● WHAT YOU NEED TO DO: Count how many lines in the data below include "DIRECTION". Answer with the number only.
--------------------
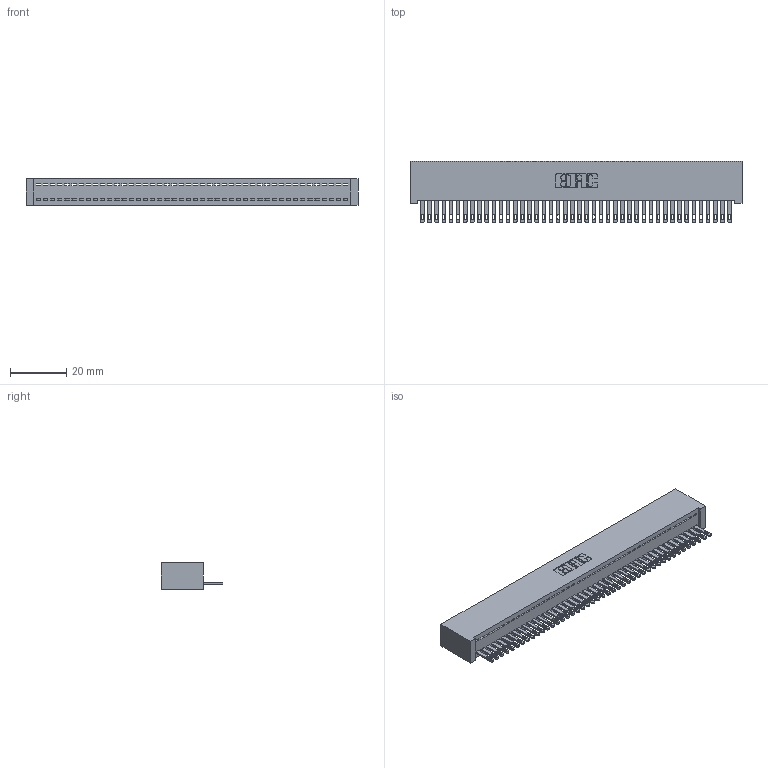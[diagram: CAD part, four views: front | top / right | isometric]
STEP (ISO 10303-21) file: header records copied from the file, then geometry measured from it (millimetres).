
FILE_DESCRIPTION (( 'STEP AP203' ), '1' );
FILE_NAME ('892-044-500-101.STEP', '2020-09-21T16:53:42', ( '' ), ( '' ), 'SwSTEP 2.0', 'SolidWorks 2020', '' );
FILE_SCHEMA (( 'CONFIG_CONTROL_DESIGN' ));
Length unit declared in the file: inch
Products named in the file (3): 345-292-001_345-293-100; 842 Part_Lugless; 892-044-500-101
Assembly tree (45 placements, depth 2):
  892-044-500-101
    842 Part_Lugless
    345-292-001_345-293-100  x44
Bounding box: 118.01 x 21.85 x 9.4 mm (x, y, z)
Volume: 10790.6 mm3; surface area: 16292.7 mm2
Topology: 45 solids, 45 shells, 2478 faces, 7667 edges, 5110 vertices
Faces by surface type: plane 1646, cylinder 832
Entity records: 26161 total; most frequent: CARTESIAN_POINT 4518, ORIENTED_EDGE 4498, DIRECTION 3801, EDGE_CURVE 2249, VECTOR 2125, LINE 2125, VERTEX_POINT 1498, AXIS2_PLACEMENT_3D 838
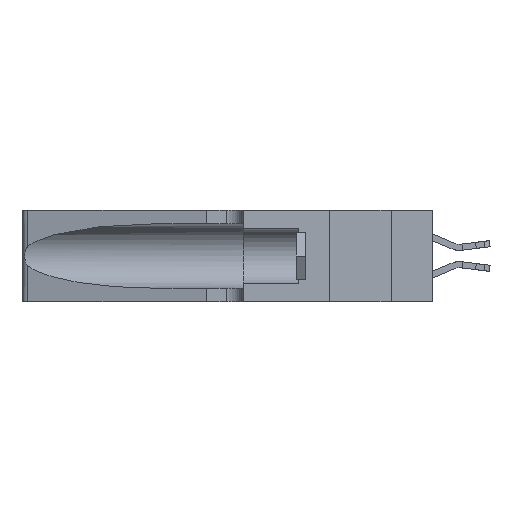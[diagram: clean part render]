
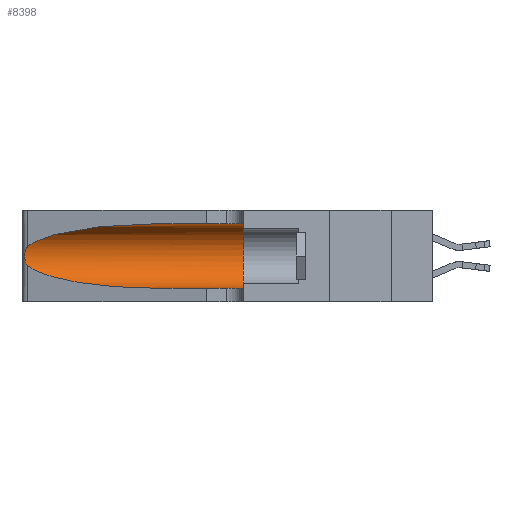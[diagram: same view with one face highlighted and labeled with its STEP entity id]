
A CAD part, left-side view. The second image highlights one B-rep face of the part: STEP entity #8398.
In plain terms, the highlighted cylindrical face has radius 3.308 mm (diameter 6.617 mm), a partial arc.
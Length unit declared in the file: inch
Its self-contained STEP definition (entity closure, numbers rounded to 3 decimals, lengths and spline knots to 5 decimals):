
#707 = CARTESIAN_POINT ( 'NONE',  ( 0.2373, 1.15595, 0.28018 ) ) ;
#922 = VECTOR ( 'NONE', #23108, 39.37008 ) ;
#1194 = CARTESIAN_POINT ( 'NONE',  ( 0.25487, 1.22718, 0.14631 ) ) ;
#1279 = DIRECTION ( 'NONE',  ( 0., 0., 1. ) ) ;
#1360 = ORIENTED_EDGE ( 'NONE', *, *, #14888, .F. ) ;
#1489 = CARTESIAN_POINT ( 'NONE',  ( 0.18966, 0.96281, 0.05475 ) ) ;
#2453 = LINE ( 'NONE', #9547, #922 ) ;
#2675 = CARTESIAN_POINT ( 'NONE',  ( 0.18966, 0.96281, 0.31525 ) ) ;
#3055 = EDGE_CURVE ( 'NONE', #12755, #5751, #14692, .T. ) ;
#3544 = CARTESIAN_POINT ( 'NONE',  ( 0.2373, 1.15595, 0.08982 ) ) ;
#4794 = DIRECTION ( 'NONE',  ( 0., 0., -1. ) ) ;
#4878 = CARTESIAN_POINT ( 'NONE',  ( 0.26075, 1.23896, 0.19203 ) ) ;
#4987 = CARTESIAN_POINT ( 'NONE',  ( 0.1305, 0.72297, 0.05475 ) ) ;
#5050 = CARTESIAN_POINT ( 'NONE',  ( 0.25854, 1.2359, 0.20912 ) ) ;
#5258 = EDGE_CURVE ( 'NONE', #9538, #23373, #2453, .T. ) ;
#5751 = VERTEX_POINT ( 'NONE', #22808 ) ;
#6125 = DIRECTION ( 'NONE',  ( 0., -1., 0. ) ) ;
#6183 = AXIS2_PLACEMENT_3D ( 'NONE', #6926, #8878, #1279 ) ;
#6446 = CARTESIAN_POINT ( 'NONE',  ( 0.1305, 0.35, 0.31525 ) ) ;
#6926 = CARTESIAN_POINT ( 'NONE',  ( 0.1305, 0.35, 0.185 ) ) ;
#7015 = CARTESIAN_POINT ( 'NONE',  ( 0.25856, 1.23593, 0.16098 ) ) ;
#7385 = CARTESIAN_POINT ( 'NONE',  ( 0.1305, 0.72297, 0.05475 ) ) ;
#7929 = CARTESIAN_POINT ( 'NONE',  ( 0.25487, 1.22718, 0.14631 ) ) ;
#8147 = CARTESIAN_POINT ( 'NONE',  ( 0.1305, 0.35, 0.05475 ) ) ;
#8299 = ORIENTED_EDGE ( 'NONE', *, *, #3055, .T. ) ;
#8398 = ADVANCED_FACE ( 'NONE', ( #16688 ), #8464, .F. ) ;
#8464 = CYLINDRICAL_SURFACE ( 'NONE', #13961, 0.13025 ) ;
#8497 = EDGE_CURVE ( 'NONE', #5751, #16210, #12018, .T. ) ;
#8878 = DIRECTION ( 'NONE',  ( 0., 1., 0. ) ) ;
#8970 = CARTESIAN_POINT ( 'NONE',  ( 0.25487, 1.22718, 0.22369 ) ) ;
#9538 = VERTEX_POINT ( 'NONE', #4987 ) ;
#9547 = CARTESIAN_POINT ( 'NONE',  ( 0.1305, 1.61858, 0.05475 ) ) ;
#10218 = CARTESIAN_POINT ( 'NONE',  ( 0.1305, 1.61858, 0.31525 ) ) ;
#10250 = EDGE_CURVE ( 'NONE', #16210, #9538, #10942, .T. ) ;
#10326 = DIRECTION ( 'NONE',  ( 0., -1., 0. ) ) ;
#10418 = CARTESIAN_POINT ( 'NONE',  ( 0.25487, 1.22718, 0.22369 ) ) ;
#10740 = VECTOR ( 'NONE', #6125, 39.37008 ) ;
#10747 = CARTESIAN_POINT ( 'NONE',  ( 0.26017, 1.23833, 0.17102 ) ) ;
#10820 = EDGE_CURVE ( 'NONE', #18392, #23373, #21739, .T. ) ;
#10829 = CARTESIAN_POINT ( 'NONE',  ( 0.25639, 1.23186, 0.15144 ) ) ;
#10942 =( BOUNDED_CURVE ( )  B_SPLINE_CURVE ( 3, ( #12853, #3544, #1489, #7385 ),
 .UNSPECIFIED., .F., .F. ) 
 B_SPLINE_CURVE_WITH_KNOTS ( ( 4, 4 ),
 ( 3.44316, 4.71239 ),
 .UNSPECIFIED. ) 
 CURVE ( )  GEOMETRIC_REPRESENTATION_ITEM ( )  RATIONAL_B_SPLINE_CURVE ( ( 1., 0.87, 0.87, 1. ) ) 
 REPRESENTATION_ITEM ( '' )  );
#12018 = B_SPLINE_CURVE_WITH_KNOTS ( 'NONE', 3,
 ( #8970, #12951, #22551, #16694, #5050, #16612, #4878, #16874, #10747, #7015, #18571, #10829, #24497, #1194 ),
 .UNSPECIFIED., .F., .F.,
 ( 4, 2, 2, 2, 2, 2, 4 ),
 ( 0., 0.00027, 0.00053, 0.00107, 0.0016, 0.00187, 0.00214 ),
 .UNSPECIFIED. ) ;
#12334 = CARTESIAN_POINT ( 'NONE',  ( 0.1305, 1.61858, 0.185 ) ) ;
#12755 = VERTEX_POINT ( 'NONE', #15974 ) ;
#12853 = CARTESIAN_POINT ( 'NONE',  ( 0.25487, 1.22718, 0.14631 ) ) ;
#12951 = CARTESIAN_POINT ( 'NONE',  ( 0.25555, 1.22994, 0.2215 ) ) ;
#13238 = ORIENTED_EDGE ( 'NONE', *, *, #5258, .T. ) ;
#13961 = AXIS2_PLACEMENT_3D ( 'NONE', #12334, #10326, #4794 ) ;
#14692 =( BOUNDED_CURVE ( )  B_SPLINE_CURVE ( 3, ( #18181, #2675, #707, #10418 ),
 .UNSPECIFIED., .F., .F. ) 
 B_SPLINE_CURVE_WITH_KNOTS ( ( 4, 4 ),
 ( 1.5708, 2.84003 ),
 .UNSPECIFIED. ) 
 CURVE ( )  GEOMETRIC_REPRESENTATION_ITEM ( )  RATIONAL_B_SPLINE_CURVE ( ( 1., 0.87, 0.87, 1. ) ) 
 REPRESENTATION_ITEM ( '' )  );
#14888 = EDGE_CURVE ( 'NONE', #12755, #18392, #17419, .T. ) ;
#15974 = CARTESIAN_POINT ( 'NONE',  ( 0.1305, 0.72297, 0.31525 ) ) ;
#16210 = VERTEX_POINT ( 'NONE', #7929 ) ;
#16237 = ORIENTED_EDGE ( 'NONE', *, *, #8497, .T. ) ;
#16612 = CARTESIAN_POINT ( 'NONE',  ( 0.26018, 1.23835, 0.19895 ) ) ;
#16688 = FACE_OUTER_BOUND ( 'NONE', #19490, .T. ) ;
#16694 = CARTESIAN_POINT ( 'NONE',  ( 0.25787, 1.23484, 0.2124 ) ) ;
#16874 = CARTESIAN_POINT ( 'NONE',  ( 0.26075, 1.23896, 0.178 ) ) ;
#17419 = LINE ( 'NONE', #10218, #10740 ) ;
#18181 = CARTESIAN_POINT ( 'NONE',  ( 0.1305, 0.72297, 0.31525 ) ) ;
#18392 = VERTEX_POINT ( 'NONE', #6446 ) ;
#18571 = CARTESIAN_POINT ( 'NONE',  ( 0.25789, 1.23486, 0.15765 ) ) ;
#19490 = EDGE_LOOP ( 'NONE', ( #8299, #16237, #22023, #13238, #24963, #1360 ) ) ;
#21739 = CIRCLE ( 'NONE', #6183, 0.13025 ) ;
#22023 = ORIENTED_EDGE ( 'NONE', *, *, #10250, .T. ) ;
#22551 = CARTESIAN_POINT ( 'NONE',  ( 0.25639, 1.23184, 0.21858 ) ) ;
#22808 = CARTESIAN_POINT ( 'NONE',  ( 0.25487, 1.22718, 0.22369 ) ) ;
#23108 = DIRECTION ( 'NONE',  ( 0., -1., 0. ) ) ;
#23373 = VERTEX_POINT ( 'NONE', #8147 ) ;
#24497 = CARTESIAN_POINT ( 'NONE',  ( 0.25555, 1.22993, 0.14849 ) ) ;
#24963 = ORIENTED_EDGE ( 'NONE', *, *, #10820, .F. ) ;
--------------------
● YOUR RESPONSE: 7